Risk factor-based models have been used to test different screening set-up modalities. Stanesby et al. compared the expected colorectal cancer deaths under three screening programs; age-based, genetic-based and combined age-based and genetic-based. They found that screening eligibility based on the genetic risk profile for age is as efficient as eligibility based on age alone for preventing colorectal cancer mortality, but identifies an additional 7% of the population at sufficient risk to benefit from screening who would not normally be screened given they are aged under 50 years (3). Weigl et al. studied of PRS can identify individuals with clinically relevant neoplasms in a screening coloscopy population (56). They found that increased PRS was associated with a higher prevalence of advanced neoplasms as a successful use in a CRC screening study (56). This supports the use of genetic data in population screening stratification.
Naber et al. (50) optimized screening intervals for cost-efficiency and found that screening based on stratification with a baseline model with AUC of 0.6 would become cost-effective with PRS prices below 141 US dollars. Here, we have adapted their screening recommendations to a PRS model from Huyghe et al. adapted and locally revalidated for individual (11). In addition, based on international guidelines, an alternative option to coloscopy is the annual fecal immunochemical test from the age at which the risk of the average 50-year-old person is reached. This combination allows developing inputs for individualized PRS based individual screening recommendations.

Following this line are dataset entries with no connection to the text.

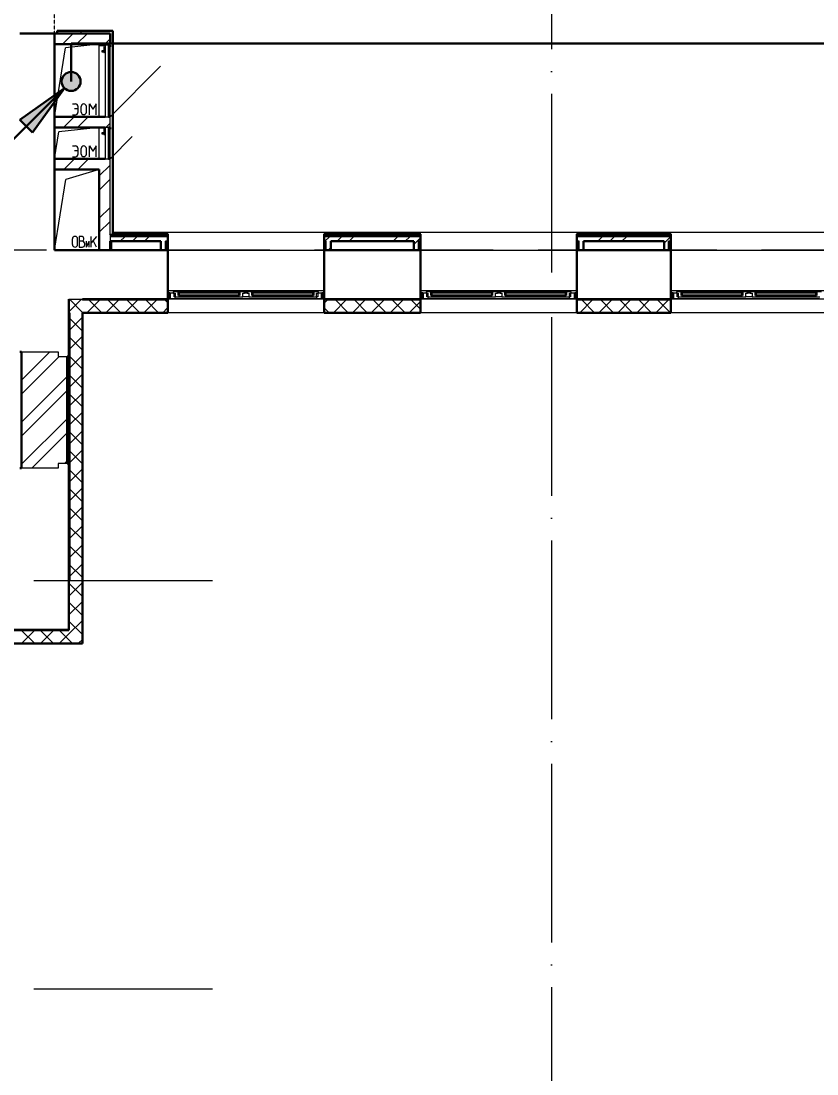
# Model space of a CAD drawing. Header units: millimetres. Extents: x -695119 to 412940, y -249585 to 622758.
# Drawn here: x 16356 to 25263, y 87415 to 99199 of the extents above; entities that cross this region are included whole.
import ezdxf
from ezdxf import colors
from ezdxf.entities.mleader import LeaderData, LeaderLine
from ezdxf.math import Vec2, Vec3

# ---------------------------------------------------------------- set-up
doc = ezdxf.new("R2010")
doc.units = ezdxf.units.MM
doc.linetypes.add('ADSK_Линия сетки', pattern=[25, 20, -2.5, 0, -2.5])
doc.linetypes.add('Сверху', pattern=[3.96875, 2.38125, -1.5875])
for name, color, linetype, lineweight in [('_ Окна', 252, 'Continuous', 30), ('_Схема', 5, 'Continuous', 30), ('Линии', 7, 'Continuous', 9), ('Оборудование', 8, 'Continuous', 18), ('Ограждение', 8, 'Continuous', 9), ('Окна', 252, 'Continuous', 9), ('Оси', 252, 'Continuous', 9), ('Стены внутренние', 252, 'Continuous', 18), ('Стены наружные', 252, 'Continuous', 18), ('Стены штриховка', 7, 'Continuous', 9), ('Стрелки', 7, 'Continuous', 30), ('ТХ Текст', 251, 'Continuous', 0)]:
    doc.layers.add(name, color=color, linetype=linetype, lineweight=lineweight)
doc.layers.add('Узлы', color=7, linetype='Continuous')
doc.styles.add('Mipgost_5', font='', dxfattribs={"height": 250})
doc.styles.get('Mipgost_5').set_extended_font_data('Mipgost')

# ---------------------------------------------------------------- blocks, each defined once
blk = doc.blocks.new('1 этаж')
at = {"color": 251, "lineweight": 18, "true_color": 0x636466}
for p, q in [((-28019, 15521), (-28019, 15583)), ((-27961, 15521), (-27961, 15583)), ((-27915, 15612), (-27945, 15612)), ((-27945, 15612), (-27945, 15492)), ((-27911, 15559), (-27945, 15559)), ((-27891, 15579), (-27891, 15589)), ((-27862, 15492), (-27833, 15559)), ((-27862, 15492), (-27862, 15559)), ((-27833, 15492), (-27833, 15559)), ((-27750, 15610), (-27810, 15538)), ((-27810, 15490), (-27810, 15610)), ((-27750, 15490), (-27786, 15567)), ((-27945, 15492), (-27908, 15492)), ((-27881, 15519), (-27881, 15529))]:
    blk.add_line(p, q, dxfattribs=at)
for centre, radius, start, end in [((-27990, 15583), 28.7, 0, 180), ((-27915, 15589), 23.3, 0, 90), ((-27911, 15579), 20, 270, 0), ((-27911, 15529), 30, 0, 90), ((-27990, 15521), 28.7, 180, 0), ((-27908, 15519), 26.7, 270, 0)]:
    blk.add_arc(centre, radius, start, end, dxfattribs=at)
at = {"layer": '_ Окна', "color": 251, "true_color": 0x636466}
for p, q in [((-26928, 14976), (-26953, 14976)), ((-26928, 14918), (-26928, 14976)), ((-26830, 14984), (-26833, 14984)), ((-26833, 14984), (-26833, 14952)), ((-26153, 14984), (-26830, 14984)), ((-26830, 14984), (-26830, 14952)), ((-26830, 14952), (-26830, 14984)), ((-26153, 14952), (-26153, 14984)), ((-26153, 14984), (-26153, 14952)), ((-26150, 14984), (-26153, 14984)), ((-26150, 14952), (-26150, 14984)), ((-26003, 14984), (-26006, 14984)), ((-26006, 14984), (-26006, 14952)), ((-25326, 14984), (-26003, 14984)), ((-26003, 14984), (-26003, 14952)), ((-26003, 14952), (-26003, 14984)), ((-25326, 14952), (-25326, 14984)), ((-25326, 14984), (-25326, 14952)), ((-25323, 14984), (-25326, 14984)), ((-25323, 14952), (-25323, 14984)), ((-25203, 14976), (-25228, 14976)), ((-25228, 14976), (-25228, 14918)), ((-24098, 14976), (-24123, 14976)), ((-24098, 14918), (-24098, 14976)), ((-24000, 14984), (-24003, 14984)), ((-24003, 14984), (-24003, 14952)), ((-23323, 14984), (-24000, 14984)), ((-24000, 14984), (-24000, 14952)), ((-24000, 14952), (-24000, 14984)), ((-23323, 14952), (-23323, 14984)), ((-23323, 14984), (-23323, 14952)), ((-23320, 14984), (-23323, 14984)), ((-23320, 14952), (-23320, 14984)), ((-23173, 14984), (-23176, 14984)), ((-23176, 14984), (-23176, 14952)), ((-22496, 14984), (-23173, 14984)), ((-23173, 14984), (-23173, 14952)), ((-23173, 14952), (-23173, 14984)), ((-22496, 14952), (-22496, 14984)), ((-22496, 14984), (-22496, 14952)), ((-22493, 14984), (-22496, 14984)), ((-22493, 14952), (-22493, 14984)), ((-22373, 14976), (-22398, 14976)), ((-22398, 14976), (-22398, 14918)), ((-21298, 14976), (-21323, 14976)), ((-21298, 14918), (-21298, 14976)), ((-21200, 14984), (-21203, 14984)), ((-21203, 14984), (-21203, 14952)), ((-20523, 14984), (-21200, 14984)), ((-21200, 14984), (-21200, 14952)), ((-21200, 14952), (-21200, 14984)), ((-20523, 14952), (-20523, 14984)), ((-20523, 14984), (-20523, 14952)), ((-20520, 14984), (-20523, 14984)), ((-20520, 14952), (-20520, 14984)), ((-20373, 14984), (-20376, 14984)), ((-20376, 14984), (-20376, 14952)), ((-19696, 14984), (-20373, 14984)), ((-20373, 14984), (-20373, 14952)), ((-20373, 14952), (-20373, 14984)), ((-19696, 14952), (-19696, 14984)), ((-19696, 14984), (-19696, 14952)), ((-19693, 14984), (-19696, 14984)), ((-19693, 14952), (-19693, 14984)), ((-26953, 14918), (-26928, 14918)), ((-26833, 14952), (-26830, 14952)), ((-26830, 14952), (-26153, 14952)), ((-26153, 14952), (-26150, 14952)), ((-26006, 14952), (-26003, 14952)), ((-26003, 14952), (-25326, 14952)), ((-25326, 14952), (-25323, 14952)), ((-25228, 14918), (-25203, 14918)), ((-24123, 14918), (-24098, 14918)), ((-24003, 14952), (-24000, 14952)), ((-24000, 14952), (-23323, 14952)), ((-23323, 14952), (-23320, 14952)), ((-23176, 14952), (-23173, 14952)), ((-23173, 14952), (-22496, 14952)), ((-22496, 14952), (-22493, 14952)), ((-22398, 14918), (-22373, 14918)), ((-21323, 14918), (-21298, 14918)), ((-21203, 14952), (-21200, 14952)), ((-21200, 14952), (-20523, 14952)), ((-20523, 14952), (-20520, 14952)), ((-20376, 14952), (-20373, 14952)), ((-20373, 14952), (-19696, 14952)), ((-19696, 14952), (-19693, 14952))]:
    blk.add_line(p, q, dxfattribs=at)
at = {"layer": '_ Окна', "color": 251, "lineweight": 18, "true_color": 0x636466}
for p, q in [((-26890, 14976), (-26928, 14976)), ((-26928, 14976), (-26928, 14918)), ((-26834, 14993), (-26890, 14993)), ((-26890, 14993), (-26890, 14976)), ((-26890, 14976), (-26870, 14976)), ((-26882, 14935), (-26882, 14976)), ((-26870, 14976), (-26870, 14935)), ((-26833, 14992), (-26834, 14993)), ((-26832, 14993), (-26833, 14992)), ((-26833, 14952), (-26833, 14984)), ((-26833, 14984), (-26815, 14984)), ((-26817, 14993), (-26832, 14993)), ((-26815, 14984), (-26817, 14993)), ((-26165, 14993), (-26168, 14984)), ((-26168, 14984), (-26150, 14984)), ((-26151, 14993), (-26165, 14993)), ((-26150, 14992), (-26151, 14993)), ((-26149, 14993), (-26150, 14992)), ((-26150, 14984), (-26150, 14952)), ((-26093, 14993), (-26149, 14993)), ((-26113, 14935), (-26113, 14976)), ((-26113, 14976), (-26093, 14976)), ((-26093, 14976), (-26093, 14993)), ((-26007, 14993), (-26063, 14993)), ((-26063, 14993), (-26063, 14976)), ((-26063, 14976), (-26043, 14976)), ((-26043, 14976), (-26043, 14935)), ((-26006, 14992), (-26007, 14993)), ((-26005, 14993), (-26006, 14992)), ((-26006, 14952), (-26006, 14984)), ((-26006, 14984), (-25988, 14984)), ((-25990, 14993), (-26005, 14993)), ((-25988, 14984), (-25990, 14993)), ((-25338, 14993), (-25341, 14984)), ((-25341, 14984), (-25323, 14984)), ((-25324, 14993), (-25338, 14993)), ((-25323, 14992), (-25324, 14993)), ((-25322, 14993), (-25323, 14992)), ((-25323, 14984), (-25323, 14952)), ((-25266, 14993), (-25322, 14993)), ((-25286, 14935), (-25286, 14976)), ((-25286, 14976), (-25266, 14976)), ((-25274, 14976), (-25274, 14935)), ((-25266, 14976), (-25266, 14993)), ((-25228, 14976), (-25266, 14976)), ((-25228, 14918), (-25228, 14976)), ((-24060, 14976), (-24098, 14976)), ((-24098, 14976), (-24098, 14918)), ((-24004, 14993), (-24060, 14993)), ((-24060, 14993), (-24060, 14976)), ((-24060, 14976), (-24040, 14976)), ((-24052, 14935), (-24052, 14976)), ((-24040, 14976), (-24040, 14935)), ((-24003, 14992), (-24004, 14993)), ((-24002, 14993), (-24003, 14992)), ((-24003, 14952), (-24003, 14984)), ((-24003, 14984), (-23985, 14984)), ((-23987, 14993), (-24002, 14993)), ((-23985, 14984), (-23987, 14993)), ((-23335, 14993), (-23338, 14984)), ((-23338, 14984), (-23320, 14984)), ((-23321, 14993), (-23335, 14993)), ((-23320, 14992), (-23321, 14993)), ((-23319, 14993), (-23320, 14992)), ((-23320, 14984), (-23320, 14952)), ((-23263, 14993), (-23319, 14993)), ((-23283, 14935), (-23283, 14976)), ((-23283, 14976), (-23263, 14976)), ((-23263, 14976), (-23263, 14993)), ((-23177, 14993), (-23233, 14993)), ((-23233, 14993), (-23233, 14976)), ((-23233, 14976), (-23213, 14976)), ((-23213, 14976), (-23213, 14935)), ((-23176, 14992), (-23177, 14993)), ((-23175, 14993), (-23176, 14992)), ((-23176, 14952), (-23176, 14984)), ((-23176, 14984), (-23158, 14984)), ((-23160, 14993), (-23175, 14993)), ((-23158, 14984), (-23160, 14993)), ((-22508, 14993), (-22511, 14984)), ((-22511, 14984), (-22493, 14984)), ((-22494, 14993), (-22508, 14993)), ((-22493, 14992), (-22494, 14993)), ((-22492, 14993), (-22493, 14992)), ((-22493, 14984), (-22493, 14952)), ((-22436, 14993), (-22492, 14993)), ((-22456, 14935), (-22456, 14976)), ((-22456, 14976), (-22436, 14976)), ((-22444, 14976), (-22444, 14935)), ((-22436, 14976), (-22436, 14993)), ((-22398, 14976), (-22436, 14976)), ((-22398, 14918), (-22398, 14976)), ((-21260, 14976), (-21298, 14976)), ((-21298, 14976), (-21298, 14918)), ((-21204, 14993), (-21260, 14993)), ((-21260, 14993), (-21260, 14976)), ((-21260, 14976), (-21240, 14976)), ((-21252, 14935), (-21252, 14976)), ((-21240, 14976), (-21240, 14935)), ((-21203, 14992), (-21204, 14993)), ((-21202, 14993), (-21203, 14992)), ((-21203, 14952), (-21203, 14984)), ((-21203, 14984), (-21185, 14984)), ((-21187, 14993), (-21202, 14993)), ((-21185, 14984), (-21187, 14993)), ((-20535, 14993), (-20538, 14984)), ((-20538, 14984), (-20520, 14984)), ((-20521, 14993), (-20535, 14993)), ((-20520, 14992), (-20521, 14993)), ((-20519, 14993), (-20520, 14992)), ((-20520, 14984), (-20520, 14952)), ((-20463, 14993), (-20519, 14993)), ((-20483, 14935), (-20483, 14976)), ((-20483, 14976), (-20463, 14976)), ((-20463, 14976), (-20463, 14993)), ((-20377, 14993), (-20433, 14993)), ((-20433, 14993), (-20433, 14976)), ((-20433, 14976), (-20413, 14976)), ((-20413, 14976), (-20413, 14935)), ((-20376, 14992), (-20377, 14993)), ((-20375, 14993), (-20376, 14992)), ((-20376, 14952), (-20376, 14984)), ((-20376, 14984), (-20358, 14984)), ((-20360, 14993), (-20375, 14993)), ((-20358, 14984), (-20360, 14993)), ((-19708, 14993), (-19711, 14984)), ((-19711, 14984), (-19693, 14984)), ((-19694, 14993), (-19708, 14993)), ((-19693, 14992), (-19694, 14993)), ((-19692, 14993), (-19693, 14992)), ((-19693, 14984), (-19693, 14952)), ((-19636, 14993), (-19692, 14993)), ((-26928, 14918), (-26868, 14918)), ((-26870, 14935), (-26882, 14935)), ((-26870, 14935), (-26819, 14935)), ((-26868, 14918), (-26864, 14935)), ((-26815, 14952), (-26833, 14952)), ((-26819, 14935), (-26815, 14952)), ((-26150, 14952), (-26168, 14952)), ((-26168, 14952), (-26163, 14935)), ((-26163, 14935), (-26113, 14935)), ((-26043, 14935), (-25992, 14935)), ((-25988, 14952), (-26006, 14952)), ((-25992, 14935), (-25988, 14952)), ((-25323, 14952), (-25341, 14952)), ((-25341, 14952), (-25336, 14935)), ((-25336, 14935), (-25286, 14935)), ((-25292, 14935), (-25287, 14918)), ((-25287, 14918), (-25228, 14918)), ((-25274, 14935), (-25286, 14935)), ((-24098, 14918), (-24038, 14918)), ((-24040, 14935), (-24052, 14935)), ((-24040, 14935), (-23989, 14935)), ((-24038, 14918), (-24034, 14935)), ((-23985, 14952), (-24003, 14952)), ((-23989, 14935), (-23985, 14952)), ((-23320, 14952), (-23338, 14952)), ((-23338, 14952), (-23333, 14935)), ((-23333, 14935), (-23283, 14935)), ((-23213, 14935), (-23162, 14935)), ((-23158, 14952), (-23176, 14952)), ((-23162, 14935), (-23158, 14952)), ((-22493, 14952), (-22511, 14952)), ((-22511, 14952), (-22506, 14935)), ((-22506, 14935), (-22456, 14935)), ((-22462, 14935), (-22457, 14918)), ((-22457, 14918), (-22398, 14918)), ((-22444, 14935), (-22456, 14935)), ((-21298, 14918), (-21238, 14918)), ((-21240, 14935), (-21252, 14935)), ((-21240, 14935), (-21189, 14935)), ((-21238, 14918), (-21234, 14935)), ((-21185, 14952), (-21203, 14952)), ((-21189, 14935), (-21185, 14952)), ((-20520, 14952), (-20538, 14952)), ((-20538, 14952), (-20533, 14935)), ((-20533, 14935), (-20483, 14935)), ((-20413, 14935), (-20362, 14935)), ((-20358, 14952), (-20376, 14952)), ((-20362, 14935), (-20358, 14952)), ((-19693, 14952), (-19711, 14952)), ((-19711, 14952), (-19706, 14935)), ((-19706, 14935), (-19656, 14935))]:
    blk.add_line(p, q, dxfattribs=at)
at = {"layer": 'Линии', "color": 251, "lineweight": 18, "ltscale": 100, "true_color": 0x636466}
for p, q in [((-28218, 16951), (-28095, 17722)), ((-27718, 17763), (-28095, 17722)), ((-28020, 17094), (-27983, 17094)), ((-27827, 17097), (-27790, 17037)), ((-27827, 16974), (-27827, 17097)), ((-27754, 17097), (-27790, 17037)), ((-27754, 16974), (-27754, 17097)), ((-28020, 16974), (-27983, 16974)), ((-27994, 17042), (-27957, 17042)), ((-27957, 17068), (-27957, 17000)), ((-27921, 17003), (-27921, 17065)), ((-27863, 17003), (-27863, 17065)), ((-28218, 16481), (-28170, 16781)), ((-27718, 16831), (-28170, 16781)), ((-28020, 16624), (-27983, 16624)), ((-27827, 16627), (-27790, 16567)), ((-27827, 16504), (-27827, 16627)), ((-27754, 16627), (-27790, 16567)), ((-27754, 16504), (-27754, 16627)), ((-28020, 16504), (-27983, 16504)), ((-27994, 16572), (-27957, 16572)), ((-27957, 16598), (-27957, 16530)), ((-27921, 16533), (-27921, 16595)), ((-27863, 16533), (-27863, 16595)), ((-27718, 16361), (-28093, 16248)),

In conclusion, we have combined and adapted a PRS based model for use with PRS informed screening recommendations. Our PRS model performed equally well for males and females identifying individuals from seven different screening setups. The genetic risk-based recommendations can be applied prospectively by individuals and also by institutions aiming to make screening provision more efficient.
Data Availability
Individual level genotype and phenotype data from UK Biobank can not be explicitly shared. The UK Biobank Resource was used under Application Reference Number 53602. New users can request access to UK Biobank from http://www.ukbiobank.ac.uk/resources/.
Ethical approval
UK Biobank
The UK Biobank study was approved by the North West Multi-Centre Research Ethics Committee (UK Biobank reference: 16/NW/0274). All participants provided written informed consent to participate in the UK Biobank study.
Statement of data availability
Individual level genotype and phenotype data from UK Biobank can not be explicitly shared. The UK Biobank Resource was used under Application Reference Number 53602. New users can request access to UK Biobank from http://www.ukbiobank.ac.uk/resources/.
Funding
OÜ Antegenes has received a grant from the EIT Health The Digital Sandbox program and additional Innovation Voucher funding meant for business development of small and medium sized Estonian enterprises.
Acknowledgments
This research has been conducted using the UK Biobank Resource under Application Reference Number 53602 and with support by EIT Health the Digital Sandbox program.